RESENHA: O Chamado da Floresta - Jack London


          Em 1897, Jack London se ingressou na corrida pelo ouro, no Alasca. Experiência essa muito malfadada, uma vez que o autor regressou de lá falido e doente. Mas a aventura ao menos lhe rendeu material para seus escritos, servindo de inspiração para diversos contos e esta que é considerada por muitos a sua obra-prima. Publicado originalmente em 1903, "O Chamado da Floresta" tem como protagonista Buck, resultado do cruzamento entre um gigantesco São Bernardo e uma cadela pastora. Isso mesmo, trata-se de um cachorro.

          Buck levava uma vida agradável na ensolarada California, comendo do bom e do melhor e desfrutando da amizade de seus tutores, até que em um fatídico dia se vê raptado e levado ao Alasca, onde deve servir aos homens na corrida pelo ouro. Acostumado à boa vida, Buck passa então a sofrer uma série de maus-tratos, abusos e privações, tanto pelas mãos dos homens, quanto pelas presas de cães cruéis. Para sobreviver nesse ambiente inóspito, ele deverá "endurecer" e esquecer as leis e os códigos que aprendeu na vida domesticada e que não fazem o menor sentido nessas terras geladas. Essa adaptação forçada irá requerer uma conexão com suas raízes e o despertar de seus instintos mais primitivos, e é esse o processo que nós iremos acompanhar aqui.

(Harrison Ford e "Buck", na adaptação de Chris Sanders)

          A jornada de Buck evidencia as agruras impostas pela ambição do homem e do meio em que vivemos, discutindo temas como ética, moral e identidade. Através dos olhos do cão, o leitor é convidado a lançar um olhar para a própria vida e refletir sobre a sociedade e o quanto somos realmente livres. A obra tem uma escrita simples e direta, mas com belos recortes dos elementos da natureza. Para os mais sensíveis em relação à crueldade com animais, é melhor passar longe. Outro ponto interessante é que a narrativa busca retratar a corrida do ouro com bastante precisão, trazendo descrições fiéis das trilhas, rios, florestas e montanhas percorridos por Buck (e por London, nos tempos de garimpeiro). As notas de rodapé também ajudam na contextualização, dando detalhes históricos e geográficos sobre o período e elucidando curiosidades sobre as raças caninas que surgem ao longo da leitura.
 
          Se é o melhor de Jack London? Pra mim, fica longe disso. Ainda assim é uma leitura bastante válida, tanto pelos temas que aborda, quanto pelo fiel retrato de um capítulo histórico tão importante da América do Norte.

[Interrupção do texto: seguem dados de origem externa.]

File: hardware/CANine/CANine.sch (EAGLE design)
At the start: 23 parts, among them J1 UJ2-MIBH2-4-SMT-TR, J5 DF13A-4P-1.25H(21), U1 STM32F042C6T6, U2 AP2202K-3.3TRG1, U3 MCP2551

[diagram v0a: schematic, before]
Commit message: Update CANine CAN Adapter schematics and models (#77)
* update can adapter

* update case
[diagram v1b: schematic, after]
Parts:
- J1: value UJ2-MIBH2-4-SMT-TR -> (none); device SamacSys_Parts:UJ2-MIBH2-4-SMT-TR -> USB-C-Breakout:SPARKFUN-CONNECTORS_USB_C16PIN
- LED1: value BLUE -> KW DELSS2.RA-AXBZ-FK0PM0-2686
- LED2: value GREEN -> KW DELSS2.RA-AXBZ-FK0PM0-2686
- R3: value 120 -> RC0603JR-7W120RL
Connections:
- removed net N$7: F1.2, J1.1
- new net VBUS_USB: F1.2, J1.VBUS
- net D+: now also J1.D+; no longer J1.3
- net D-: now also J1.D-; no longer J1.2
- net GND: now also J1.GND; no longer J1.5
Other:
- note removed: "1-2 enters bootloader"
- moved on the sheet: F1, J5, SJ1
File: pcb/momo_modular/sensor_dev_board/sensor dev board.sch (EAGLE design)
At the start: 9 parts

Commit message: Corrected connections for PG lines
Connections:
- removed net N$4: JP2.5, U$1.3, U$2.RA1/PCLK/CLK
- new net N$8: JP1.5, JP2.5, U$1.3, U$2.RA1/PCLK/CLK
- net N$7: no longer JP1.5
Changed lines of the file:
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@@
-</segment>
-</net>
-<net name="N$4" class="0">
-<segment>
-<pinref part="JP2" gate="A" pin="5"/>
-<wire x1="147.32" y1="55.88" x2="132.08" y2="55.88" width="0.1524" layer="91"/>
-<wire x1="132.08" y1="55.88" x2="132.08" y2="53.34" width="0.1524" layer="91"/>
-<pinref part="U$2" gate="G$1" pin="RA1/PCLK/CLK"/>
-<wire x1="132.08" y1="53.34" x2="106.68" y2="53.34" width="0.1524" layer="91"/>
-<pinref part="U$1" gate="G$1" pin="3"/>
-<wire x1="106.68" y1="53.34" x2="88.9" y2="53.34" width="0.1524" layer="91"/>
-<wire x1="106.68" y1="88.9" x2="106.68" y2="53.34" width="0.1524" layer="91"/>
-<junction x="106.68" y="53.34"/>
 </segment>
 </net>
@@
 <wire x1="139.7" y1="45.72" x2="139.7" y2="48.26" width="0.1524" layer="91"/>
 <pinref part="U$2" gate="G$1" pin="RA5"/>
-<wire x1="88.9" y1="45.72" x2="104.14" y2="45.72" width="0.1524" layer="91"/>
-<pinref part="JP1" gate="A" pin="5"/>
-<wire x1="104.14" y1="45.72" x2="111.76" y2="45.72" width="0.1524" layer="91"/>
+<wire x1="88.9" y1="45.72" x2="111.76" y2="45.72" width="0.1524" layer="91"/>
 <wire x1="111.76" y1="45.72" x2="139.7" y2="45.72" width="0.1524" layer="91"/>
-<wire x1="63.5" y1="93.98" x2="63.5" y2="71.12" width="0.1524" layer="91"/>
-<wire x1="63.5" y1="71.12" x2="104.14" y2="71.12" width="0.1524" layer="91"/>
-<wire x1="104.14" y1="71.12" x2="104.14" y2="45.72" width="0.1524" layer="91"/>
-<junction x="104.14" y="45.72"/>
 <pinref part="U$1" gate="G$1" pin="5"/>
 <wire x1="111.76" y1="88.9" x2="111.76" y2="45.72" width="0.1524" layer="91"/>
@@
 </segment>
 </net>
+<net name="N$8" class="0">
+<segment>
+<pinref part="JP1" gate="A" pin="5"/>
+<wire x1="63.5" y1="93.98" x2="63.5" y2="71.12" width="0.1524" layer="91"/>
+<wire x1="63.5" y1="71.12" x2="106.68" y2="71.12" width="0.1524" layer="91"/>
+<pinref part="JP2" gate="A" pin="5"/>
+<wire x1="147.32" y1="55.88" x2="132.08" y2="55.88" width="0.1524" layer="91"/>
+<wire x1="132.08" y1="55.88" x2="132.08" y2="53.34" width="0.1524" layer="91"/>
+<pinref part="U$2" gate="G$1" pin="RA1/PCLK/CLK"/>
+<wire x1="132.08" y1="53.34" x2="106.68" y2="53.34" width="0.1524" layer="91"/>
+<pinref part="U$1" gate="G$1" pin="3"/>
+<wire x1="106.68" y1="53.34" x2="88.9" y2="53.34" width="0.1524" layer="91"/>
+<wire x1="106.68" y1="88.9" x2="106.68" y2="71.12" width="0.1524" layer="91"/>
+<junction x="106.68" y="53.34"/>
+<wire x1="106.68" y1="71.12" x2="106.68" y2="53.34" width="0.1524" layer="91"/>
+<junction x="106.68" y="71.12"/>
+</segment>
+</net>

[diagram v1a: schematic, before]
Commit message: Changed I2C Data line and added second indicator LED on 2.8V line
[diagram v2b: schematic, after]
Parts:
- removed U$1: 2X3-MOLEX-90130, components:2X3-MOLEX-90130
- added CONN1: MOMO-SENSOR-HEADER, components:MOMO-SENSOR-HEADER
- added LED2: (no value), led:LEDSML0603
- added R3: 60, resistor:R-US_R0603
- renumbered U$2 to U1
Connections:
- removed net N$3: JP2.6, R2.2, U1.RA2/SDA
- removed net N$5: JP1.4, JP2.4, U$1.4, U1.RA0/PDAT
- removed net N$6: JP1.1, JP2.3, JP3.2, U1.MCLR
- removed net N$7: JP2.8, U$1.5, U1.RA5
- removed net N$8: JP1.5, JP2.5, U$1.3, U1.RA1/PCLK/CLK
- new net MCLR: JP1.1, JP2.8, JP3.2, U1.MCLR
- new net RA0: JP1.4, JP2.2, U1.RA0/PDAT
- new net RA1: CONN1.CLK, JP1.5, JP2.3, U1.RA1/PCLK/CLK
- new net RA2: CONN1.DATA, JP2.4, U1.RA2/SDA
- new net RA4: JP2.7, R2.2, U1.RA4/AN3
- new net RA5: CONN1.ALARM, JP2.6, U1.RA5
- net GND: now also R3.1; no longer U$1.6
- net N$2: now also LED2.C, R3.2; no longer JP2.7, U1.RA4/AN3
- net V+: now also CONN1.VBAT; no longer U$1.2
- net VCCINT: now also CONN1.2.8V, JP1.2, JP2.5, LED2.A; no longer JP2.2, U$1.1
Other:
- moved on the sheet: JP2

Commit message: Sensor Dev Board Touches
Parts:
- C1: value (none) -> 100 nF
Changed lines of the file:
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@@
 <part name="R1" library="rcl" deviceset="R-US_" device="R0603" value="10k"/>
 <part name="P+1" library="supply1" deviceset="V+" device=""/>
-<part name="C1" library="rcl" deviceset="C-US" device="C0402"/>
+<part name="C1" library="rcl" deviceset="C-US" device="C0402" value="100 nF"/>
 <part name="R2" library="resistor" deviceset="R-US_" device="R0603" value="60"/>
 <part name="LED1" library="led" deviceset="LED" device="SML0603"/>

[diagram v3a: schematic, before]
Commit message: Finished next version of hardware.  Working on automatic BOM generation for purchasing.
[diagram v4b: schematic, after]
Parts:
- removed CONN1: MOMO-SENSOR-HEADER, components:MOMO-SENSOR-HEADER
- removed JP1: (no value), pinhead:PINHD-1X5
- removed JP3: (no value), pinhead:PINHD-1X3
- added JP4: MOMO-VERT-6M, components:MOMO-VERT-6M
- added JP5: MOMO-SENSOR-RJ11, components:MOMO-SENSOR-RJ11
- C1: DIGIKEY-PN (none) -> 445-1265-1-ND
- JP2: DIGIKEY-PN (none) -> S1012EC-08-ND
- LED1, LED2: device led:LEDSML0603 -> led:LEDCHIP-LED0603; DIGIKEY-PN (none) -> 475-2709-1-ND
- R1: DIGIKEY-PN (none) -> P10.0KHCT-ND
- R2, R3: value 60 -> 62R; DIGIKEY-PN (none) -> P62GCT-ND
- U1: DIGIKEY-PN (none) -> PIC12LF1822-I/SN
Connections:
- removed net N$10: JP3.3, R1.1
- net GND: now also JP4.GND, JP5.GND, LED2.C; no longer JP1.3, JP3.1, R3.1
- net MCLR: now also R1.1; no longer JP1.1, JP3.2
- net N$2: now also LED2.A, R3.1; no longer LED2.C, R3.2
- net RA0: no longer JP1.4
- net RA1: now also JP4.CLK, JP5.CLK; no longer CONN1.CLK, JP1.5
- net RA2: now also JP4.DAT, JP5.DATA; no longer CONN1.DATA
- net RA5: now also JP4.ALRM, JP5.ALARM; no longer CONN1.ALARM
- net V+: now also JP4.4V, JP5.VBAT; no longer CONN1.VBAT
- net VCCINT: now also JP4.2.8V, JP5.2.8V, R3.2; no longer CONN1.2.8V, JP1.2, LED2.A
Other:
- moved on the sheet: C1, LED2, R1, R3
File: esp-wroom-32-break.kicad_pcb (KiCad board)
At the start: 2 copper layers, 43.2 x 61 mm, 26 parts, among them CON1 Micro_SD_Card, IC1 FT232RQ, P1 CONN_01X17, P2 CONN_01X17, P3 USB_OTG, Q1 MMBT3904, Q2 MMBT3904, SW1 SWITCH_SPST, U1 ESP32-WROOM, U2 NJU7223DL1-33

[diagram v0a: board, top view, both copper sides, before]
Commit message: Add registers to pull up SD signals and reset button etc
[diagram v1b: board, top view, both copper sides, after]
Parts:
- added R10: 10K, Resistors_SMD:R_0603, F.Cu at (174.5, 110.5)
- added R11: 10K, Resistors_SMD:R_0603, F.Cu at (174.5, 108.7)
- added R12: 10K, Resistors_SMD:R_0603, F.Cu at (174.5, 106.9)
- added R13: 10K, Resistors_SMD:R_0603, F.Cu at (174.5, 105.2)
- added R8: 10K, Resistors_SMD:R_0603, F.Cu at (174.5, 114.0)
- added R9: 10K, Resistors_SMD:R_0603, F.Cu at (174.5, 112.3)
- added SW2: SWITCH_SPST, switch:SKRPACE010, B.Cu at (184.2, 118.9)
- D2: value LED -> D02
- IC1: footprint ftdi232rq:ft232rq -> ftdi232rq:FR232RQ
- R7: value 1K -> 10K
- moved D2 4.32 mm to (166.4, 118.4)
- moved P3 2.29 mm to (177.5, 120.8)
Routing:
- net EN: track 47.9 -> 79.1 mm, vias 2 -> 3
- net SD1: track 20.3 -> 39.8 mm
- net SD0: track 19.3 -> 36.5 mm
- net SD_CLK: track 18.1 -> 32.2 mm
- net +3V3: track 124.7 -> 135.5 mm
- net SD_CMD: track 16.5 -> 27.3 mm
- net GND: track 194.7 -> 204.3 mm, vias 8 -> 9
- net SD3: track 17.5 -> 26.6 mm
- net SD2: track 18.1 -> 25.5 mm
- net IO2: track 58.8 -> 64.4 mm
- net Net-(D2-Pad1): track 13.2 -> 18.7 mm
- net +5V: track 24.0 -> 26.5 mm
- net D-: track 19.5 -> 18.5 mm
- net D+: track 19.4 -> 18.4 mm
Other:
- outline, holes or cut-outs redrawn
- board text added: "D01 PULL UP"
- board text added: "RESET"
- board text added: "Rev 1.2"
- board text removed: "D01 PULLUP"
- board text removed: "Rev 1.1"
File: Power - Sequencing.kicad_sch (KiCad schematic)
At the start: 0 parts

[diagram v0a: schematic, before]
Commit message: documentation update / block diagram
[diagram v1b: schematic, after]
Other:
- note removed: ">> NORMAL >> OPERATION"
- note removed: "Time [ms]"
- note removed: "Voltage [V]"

É também o momento único da carreira de um grande escritor, uma vez que configura o seu primeiro romance de grande sucesso. A leitura, imersiva e rica em detalhes, nos leva para outras paragens, abrindo todo um leque de questões a refletir; sem contar, é claro, a peculiaridade de se ler uma história que tem como protagonista um cão - algo até comum hoje em dia, mas inusitado pra época. Vale lembrar que mais tarde o autor voltaria ao tema em "Caninos Brancos", dessa vez invertendo um pouco as coisas e trazendo a história de um lobo que é domesticado por homens. Acho que as duas leituras se complementam muito bem e deixo aí a indicação.